For the entries below, print exactly the lines between the line holding "#16=DIRECTION('',(0.,0.,1.));" and the line holding "#23=CYLINDRICAL_SURFACE('',#22,18.9991999999999);", inclusive, and nothing else.

Dataset records:
- Opening Delimiter -
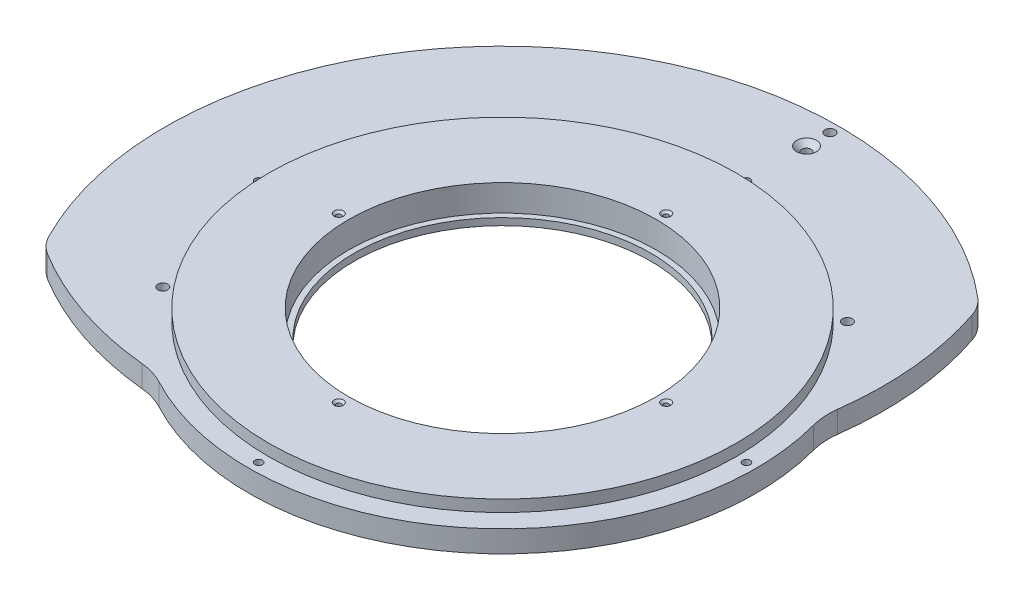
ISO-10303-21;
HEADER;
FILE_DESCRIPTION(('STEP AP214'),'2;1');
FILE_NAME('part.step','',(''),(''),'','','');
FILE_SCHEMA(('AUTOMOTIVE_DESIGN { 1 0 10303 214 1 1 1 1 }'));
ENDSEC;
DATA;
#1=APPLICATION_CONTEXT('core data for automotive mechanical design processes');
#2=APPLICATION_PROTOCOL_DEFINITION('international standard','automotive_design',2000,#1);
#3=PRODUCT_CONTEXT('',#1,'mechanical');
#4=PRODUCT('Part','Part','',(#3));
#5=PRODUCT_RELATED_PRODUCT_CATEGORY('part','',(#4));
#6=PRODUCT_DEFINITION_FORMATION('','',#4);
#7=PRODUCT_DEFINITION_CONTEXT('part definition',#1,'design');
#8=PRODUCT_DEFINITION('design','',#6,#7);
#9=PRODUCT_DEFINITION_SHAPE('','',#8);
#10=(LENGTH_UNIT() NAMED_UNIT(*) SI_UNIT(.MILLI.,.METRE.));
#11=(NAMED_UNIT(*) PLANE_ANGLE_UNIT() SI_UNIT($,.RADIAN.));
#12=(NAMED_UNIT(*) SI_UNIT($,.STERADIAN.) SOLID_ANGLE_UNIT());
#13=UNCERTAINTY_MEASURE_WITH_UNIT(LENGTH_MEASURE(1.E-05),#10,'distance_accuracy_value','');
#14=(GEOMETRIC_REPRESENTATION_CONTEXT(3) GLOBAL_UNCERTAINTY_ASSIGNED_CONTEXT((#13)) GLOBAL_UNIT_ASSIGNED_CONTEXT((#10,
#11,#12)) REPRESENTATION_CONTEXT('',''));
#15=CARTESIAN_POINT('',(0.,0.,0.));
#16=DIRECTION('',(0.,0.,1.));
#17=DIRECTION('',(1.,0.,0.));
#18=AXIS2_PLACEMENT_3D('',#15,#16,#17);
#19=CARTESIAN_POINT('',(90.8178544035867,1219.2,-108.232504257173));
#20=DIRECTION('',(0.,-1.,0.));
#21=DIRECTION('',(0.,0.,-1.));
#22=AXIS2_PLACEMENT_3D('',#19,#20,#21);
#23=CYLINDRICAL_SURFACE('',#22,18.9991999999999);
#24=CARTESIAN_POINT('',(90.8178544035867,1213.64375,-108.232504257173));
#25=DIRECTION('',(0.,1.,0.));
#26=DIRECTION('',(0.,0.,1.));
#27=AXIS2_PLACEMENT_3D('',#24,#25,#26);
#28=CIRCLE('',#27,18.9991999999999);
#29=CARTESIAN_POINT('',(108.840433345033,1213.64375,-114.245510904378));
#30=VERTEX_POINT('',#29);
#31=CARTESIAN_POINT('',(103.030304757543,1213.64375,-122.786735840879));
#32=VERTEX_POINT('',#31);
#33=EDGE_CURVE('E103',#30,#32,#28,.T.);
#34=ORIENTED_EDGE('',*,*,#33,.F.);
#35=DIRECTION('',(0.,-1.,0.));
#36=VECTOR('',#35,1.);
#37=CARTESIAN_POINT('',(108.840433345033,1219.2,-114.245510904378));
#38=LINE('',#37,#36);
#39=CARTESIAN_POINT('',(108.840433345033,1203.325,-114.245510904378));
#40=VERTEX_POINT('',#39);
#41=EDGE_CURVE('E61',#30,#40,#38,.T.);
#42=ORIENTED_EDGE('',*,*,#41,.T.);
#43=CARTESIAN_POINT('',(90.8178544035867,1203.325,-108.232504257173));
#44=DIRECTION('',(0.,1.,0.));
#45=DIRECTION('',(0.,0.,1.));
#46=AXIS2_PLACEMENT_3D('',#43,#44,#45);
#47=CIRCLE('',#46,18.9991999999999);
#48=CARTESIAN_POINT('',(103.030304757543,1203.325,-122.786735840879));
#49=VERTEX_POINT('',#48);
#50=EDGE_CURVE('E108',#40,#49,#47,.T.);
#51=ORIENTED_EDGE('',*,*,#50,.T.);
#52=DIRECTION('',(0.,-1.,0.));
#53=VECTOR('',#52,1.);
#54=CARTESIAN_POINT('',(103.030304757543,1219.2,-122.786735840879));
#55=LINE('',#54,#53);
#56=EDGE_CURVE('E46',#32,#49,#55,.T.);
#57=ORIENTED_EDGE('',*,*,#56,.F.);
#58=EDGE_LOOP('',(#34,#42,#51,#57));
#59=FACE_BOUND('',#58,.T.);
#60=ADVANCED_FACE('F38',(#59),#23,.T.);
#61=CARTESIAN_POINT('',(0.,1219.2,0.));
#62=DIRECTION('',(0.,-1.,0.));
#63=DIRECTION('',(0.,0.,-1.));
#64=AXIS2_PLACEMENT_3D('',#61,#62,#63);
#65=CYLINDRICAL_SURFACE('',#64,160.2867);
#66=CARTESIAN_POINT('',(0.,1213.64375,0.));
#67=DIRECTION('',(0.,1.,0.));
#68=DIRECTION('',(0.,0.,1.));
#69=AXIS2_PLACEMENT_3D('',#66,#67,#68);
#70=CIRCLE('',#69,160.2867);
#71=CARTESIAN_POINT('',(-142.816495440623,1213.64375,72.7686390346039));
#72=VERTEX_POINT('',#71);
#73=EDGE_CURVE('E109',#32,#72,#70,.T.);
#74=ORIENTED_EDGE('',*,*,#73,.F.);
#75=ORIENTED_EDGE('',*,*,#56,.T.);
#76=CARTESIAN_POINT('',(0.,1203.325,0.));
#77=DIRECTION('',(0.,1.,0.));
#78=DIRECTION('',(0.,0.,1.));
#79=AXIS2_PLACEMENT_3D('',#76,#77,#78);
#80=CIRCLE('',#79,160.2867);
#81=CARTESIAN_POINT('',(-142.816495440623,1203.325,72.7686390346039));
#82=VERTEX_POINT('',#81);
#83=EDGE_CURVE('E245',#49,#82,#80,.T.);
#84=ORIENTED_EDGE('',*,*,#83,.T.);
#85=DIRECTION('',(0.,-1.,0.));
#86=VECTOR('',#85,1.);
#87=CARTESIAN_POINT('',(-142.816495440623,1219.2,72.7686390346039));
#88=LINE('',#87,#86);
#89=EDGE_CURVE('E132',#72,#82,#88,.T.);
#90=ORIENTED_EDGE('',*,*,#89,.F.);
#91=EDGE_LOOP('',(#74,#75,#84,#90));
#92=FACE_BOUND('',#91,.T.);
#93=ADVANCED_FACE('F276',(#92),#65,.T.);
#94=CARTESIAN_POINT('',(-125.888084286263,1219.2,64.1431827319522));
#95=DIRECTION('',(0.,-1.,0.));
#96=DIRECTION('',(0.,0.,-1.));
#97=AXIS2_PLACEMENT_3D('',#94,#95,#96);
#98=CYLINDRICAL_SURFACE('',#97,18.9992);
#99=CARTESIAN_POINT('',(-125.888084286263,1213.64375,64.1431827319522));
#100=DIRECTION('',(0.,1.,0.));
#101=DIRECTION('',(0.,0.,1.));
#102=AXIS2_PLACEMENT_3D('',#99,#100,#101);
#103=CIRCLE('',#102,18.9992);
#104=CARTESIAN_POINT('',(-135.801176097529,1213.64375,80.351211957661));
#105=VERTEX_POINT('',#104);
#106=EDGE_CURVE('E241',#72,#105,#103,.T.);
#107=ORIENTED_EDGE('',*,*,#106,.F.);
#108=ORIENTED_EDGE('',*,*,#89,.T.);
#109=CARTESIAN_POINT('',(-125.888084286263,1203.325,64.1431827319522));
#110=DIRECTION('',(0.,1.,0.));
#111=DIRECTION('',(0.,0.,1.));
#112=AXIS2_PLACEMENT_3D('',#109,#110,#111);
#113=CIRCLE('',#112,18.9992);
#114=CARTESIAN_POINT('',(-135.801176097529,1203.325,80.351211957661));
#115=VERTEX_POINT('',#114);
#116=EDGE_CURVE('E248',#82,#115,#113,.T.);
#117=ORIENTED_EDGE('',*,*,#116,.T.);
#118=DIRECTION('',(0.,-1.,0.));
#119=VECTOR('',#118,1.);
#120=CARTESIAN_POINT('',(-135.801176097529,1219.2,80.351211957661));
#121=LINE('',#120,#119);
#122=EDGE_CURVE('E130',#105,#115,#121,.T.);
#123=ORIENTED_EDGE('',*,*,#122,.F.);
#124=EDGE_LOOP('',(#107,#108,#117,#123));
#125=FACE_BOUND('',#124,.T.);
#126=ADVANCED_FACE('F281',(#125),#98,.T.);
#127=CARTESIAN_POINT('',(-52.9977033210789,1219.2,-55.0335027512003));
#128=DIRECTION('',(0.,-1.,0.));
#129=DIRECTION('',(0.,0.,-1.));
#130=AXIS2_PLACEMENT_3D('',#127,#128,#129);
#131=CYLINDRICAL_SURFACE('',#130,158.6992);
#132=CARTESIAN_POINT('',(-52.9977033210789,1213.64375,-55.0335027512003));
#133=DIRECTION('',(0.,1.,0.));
- Closing Delimiter -
Result of this task:
#16=DIRECTION('',(0.,0.,1.));
#17=DIRECTION('',(1.,0.,0.));
#18=AXIS2_PLACEMENT_3D('',#15,#16,#17);
#19=CARTESIAN_POINT('',(90.8178544035867,1219.2,-108.232504257173));
#20=DIRECTION('',(0.,-1.,0.));
#21=DIRECTION('',(0.,0.,-1.));
#22=AXIS2_PLACEMENT_3D('',#19,#20,#21);
#23=CYLINDRICAL_SURFACE('',#22,18.9991999999999);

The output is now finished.